Yehudah is the original Hebrew form of Judah, meaning “praised” or “thanksgiving.”
Yehudah is the original Hebrew form of one of history's most consequential names. It derives from the root yadah, meaning to praise, to give thanks, or to acknowledge — so Yehudah is often translated as "praised one" or "let God be praised." In Genesis, Leah names her fourth son this way, saying she will now praise the Lord.
That son becomes the patriarch of the tribe of Judah, from which the Davidic royal line descends, and from which the name of an entire people — Yehudim, Jews — eventually derives. Few names carry a heavier civilizational freight. The name's most famous biblical bearer is Yehudah ben Ya'akov, the fourth son of Jacob, whose story in Genesis is surprisingly complex: he is the brother who suggests selling Joseph rather than killing him, who later offers himself as a slave to protect Benjamin, and whose transformation from self-interested schemer to self-sacrificing protector forms one of the Torah's most quietly moving character arcs.

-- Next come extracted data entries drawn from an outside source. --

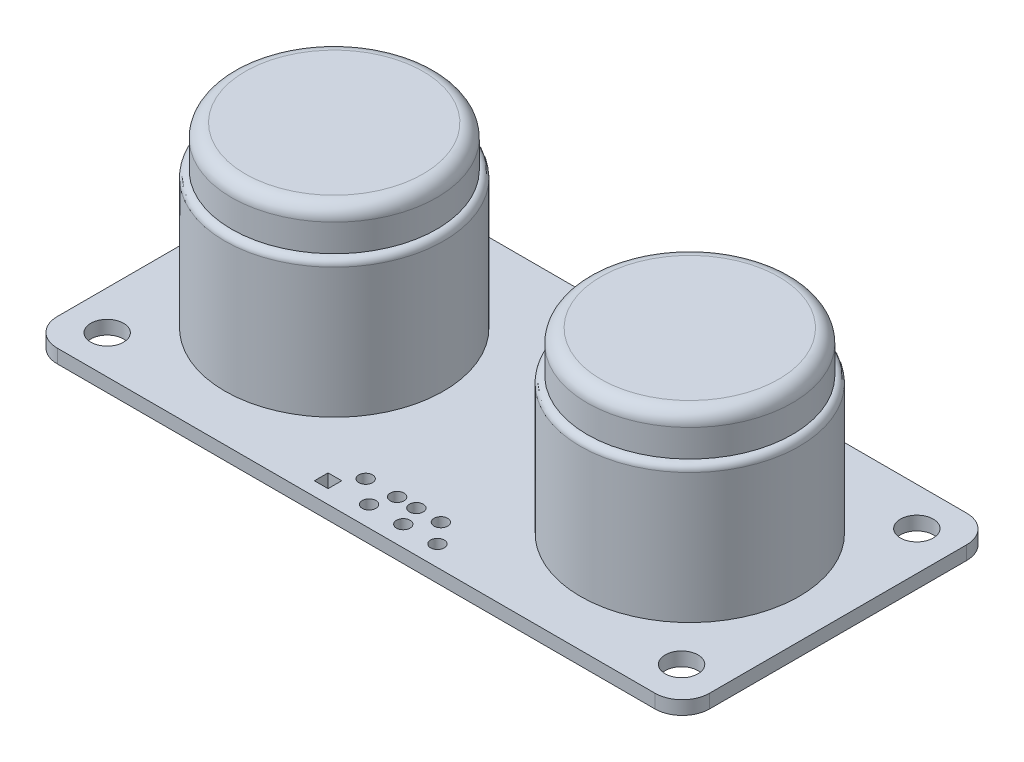
from build123d import *

# Parameters (mm, degrees)
SKETCH_1_W                  = 47.7
SKETCH_1_H                  = 22.8
EXTRUDE_1_DEPTH             = 1
SKETCH_2_W                  = 1
SKETCH_2_H                  = 1
CUT_EXTRUDE_1_DEPTH         = 27.453402428
HOLE_WIZARD_1_0_1_1_D       = 1
HOLE_WIZARD_2_4_2_4_1_D     = 2.4
HOLE_WIZARD_2_4_2_4_1_DEPTH = 14
FILLET_1_R                  = 1
FILLET_2_R                  = 2


with BuildPart() as part:
    # 草图1 → 凸台-拉伸1 (new body)
    with BuildSketch(Plane.XZ):
        Rectangle(SKETCH_1_W, SKETCH_1_H)
    extrude(amount=-EXTRUDE_1_DEPTH)

    # 草图2 → 切除-拉伸1 (cut, through all)
    with BuildSketch(Plane(origin=(0, 1, 0), x_dir=(-1, 0, 0), z_dir=(0, 1, 0))):
        with Locations((3.55, 9.9)):
            Rectangle(SKETCH_2_W, SKETCH_2_H)
    extrude(amount=-CUT_EXTRUDE_1_DEPTH, mode=Mode.SUBTRACT)

    # 草图3 → 旋转1 (revolve)
    with BuildSketch(Plane(origin=(0, 0, 0), x_dir=(-1, 0, 0), z_dir=(0, 0, -1)), mode=Mode.PRIVATE) as revolve_1_sk:
        with BuildLine():
            Line((-21, 1), (-13, 1))
            Line((-13, 1), (-13, 14))
            Line((-13, 14), (-20.5, 14))
            Line((-20.5, 14), (-20.5, 11))
            ThreePointArc((-20.5, 11), (-20.853553391, 10.853553391), (-21, 10.5))
            Line((-21, 10.5), (-21, 1))
        make_face()
    revolve(revolve_1_sk.sketch.rotate(Axis((13, 1, 0), (0, 1, 0)), 270), axis=Axis((13, 1, 0), (0, 1, 0)))

    # 草图4 → 旋转2 (revolve)
    with BuildSketch(Plane(origin=(0, 0, 0), x_dir=(-1, 0, 0), z_dir=(0, 0, -1)), mode=Mode.PRIVATE) as revolve_2_sk:
        with BuildLine():
            Line((5, 1), (13, 1))
            Line((13, 1), (13, 14))
            Line((13, 14), (5.5, 14))
            Line((5.5, 14), (5.5, 11))
            ThreePointArc((5.5, 11), (5.146446609, 10.853553391), (5, 10.5))
            Line((5, 10.5), (5, 1))
        make_face()
    revolve(revolve_2_sk.sketch.rotate(Axis((-13, 1, 0), (0, 1, 0)), 270), axis=Axis((-13, 1, 0), (0, 1, 0)))

    # Ø1.0 (1) 直径孔1 (through all)
    with Locations(Plane(origin=(0, 1, 0), x_dir=(1, 0, 0), z_dir=(0, 1, 0))):
        with Locations((-0.55, -9.9), (1.95, -9.9), (4.45, -9.9), (-2.3, -8.4), (0, -8.4), (3.2, -8.4), (1.407287445, -8.4)):
            Hole(HOLE_WIZARD_1_0_1_1_D / 2)

    # Ø2.4 (2.4) 直径孔1
    with Locations(Plane(origin=(0, 0, 0), x_dir=(-1, 0, 0), z_dir=(0, -1, 0))):
        with Locations((21, 8.6), (-21, 8.6), (-21, -8.6), (21, -8.6)):
            Hole(HOLE_WIZARD_2_4_2_4_1_D / 2, depth=HOLE_WIZARD_2_4_2_4_1_DEPTH)

    # 圆角1
    fillet_1_edges = [part.edges().sort_by_distance(p)[0] for p in [
        (13, 14, -7.5),
        (-13, 14, -7.5),
    ]]
    fillet(fillet_1_edges, radius=FILLET_1_R)

    # 圆角2
    fillet_2_edges = [part.edges().sort_by_distance(p)[0] for p in [
        (-23.85, 0.5, 11.4),
        (23.85, 0.5, 11.4),
        (23.85, 0.5, -11.4),
        (-23.85, 0.5, -11.4),
    ]]
    fillet(fillet_2_edges, radius=FILLET_2_R)


solid = part.part

Later bearers include Yehudah ha-Nasi, the rabbi who compiled the Mishnah in the second century CE — arguably the most influential act of Jewish literary preservation in history — and the medieval poet and philosopher Yehudah Halevi, whose verse still resonates across nine centuries. In modern Israel, Yehuda (the Israeli Hebrew form) is a common given name, while diaspora communities often use the anglicized Judah or the Greek-derived Jude. The original Yehudah has seen renewed interest among families seeking deep Hebrew roots. It is a name that sounds like a prayer.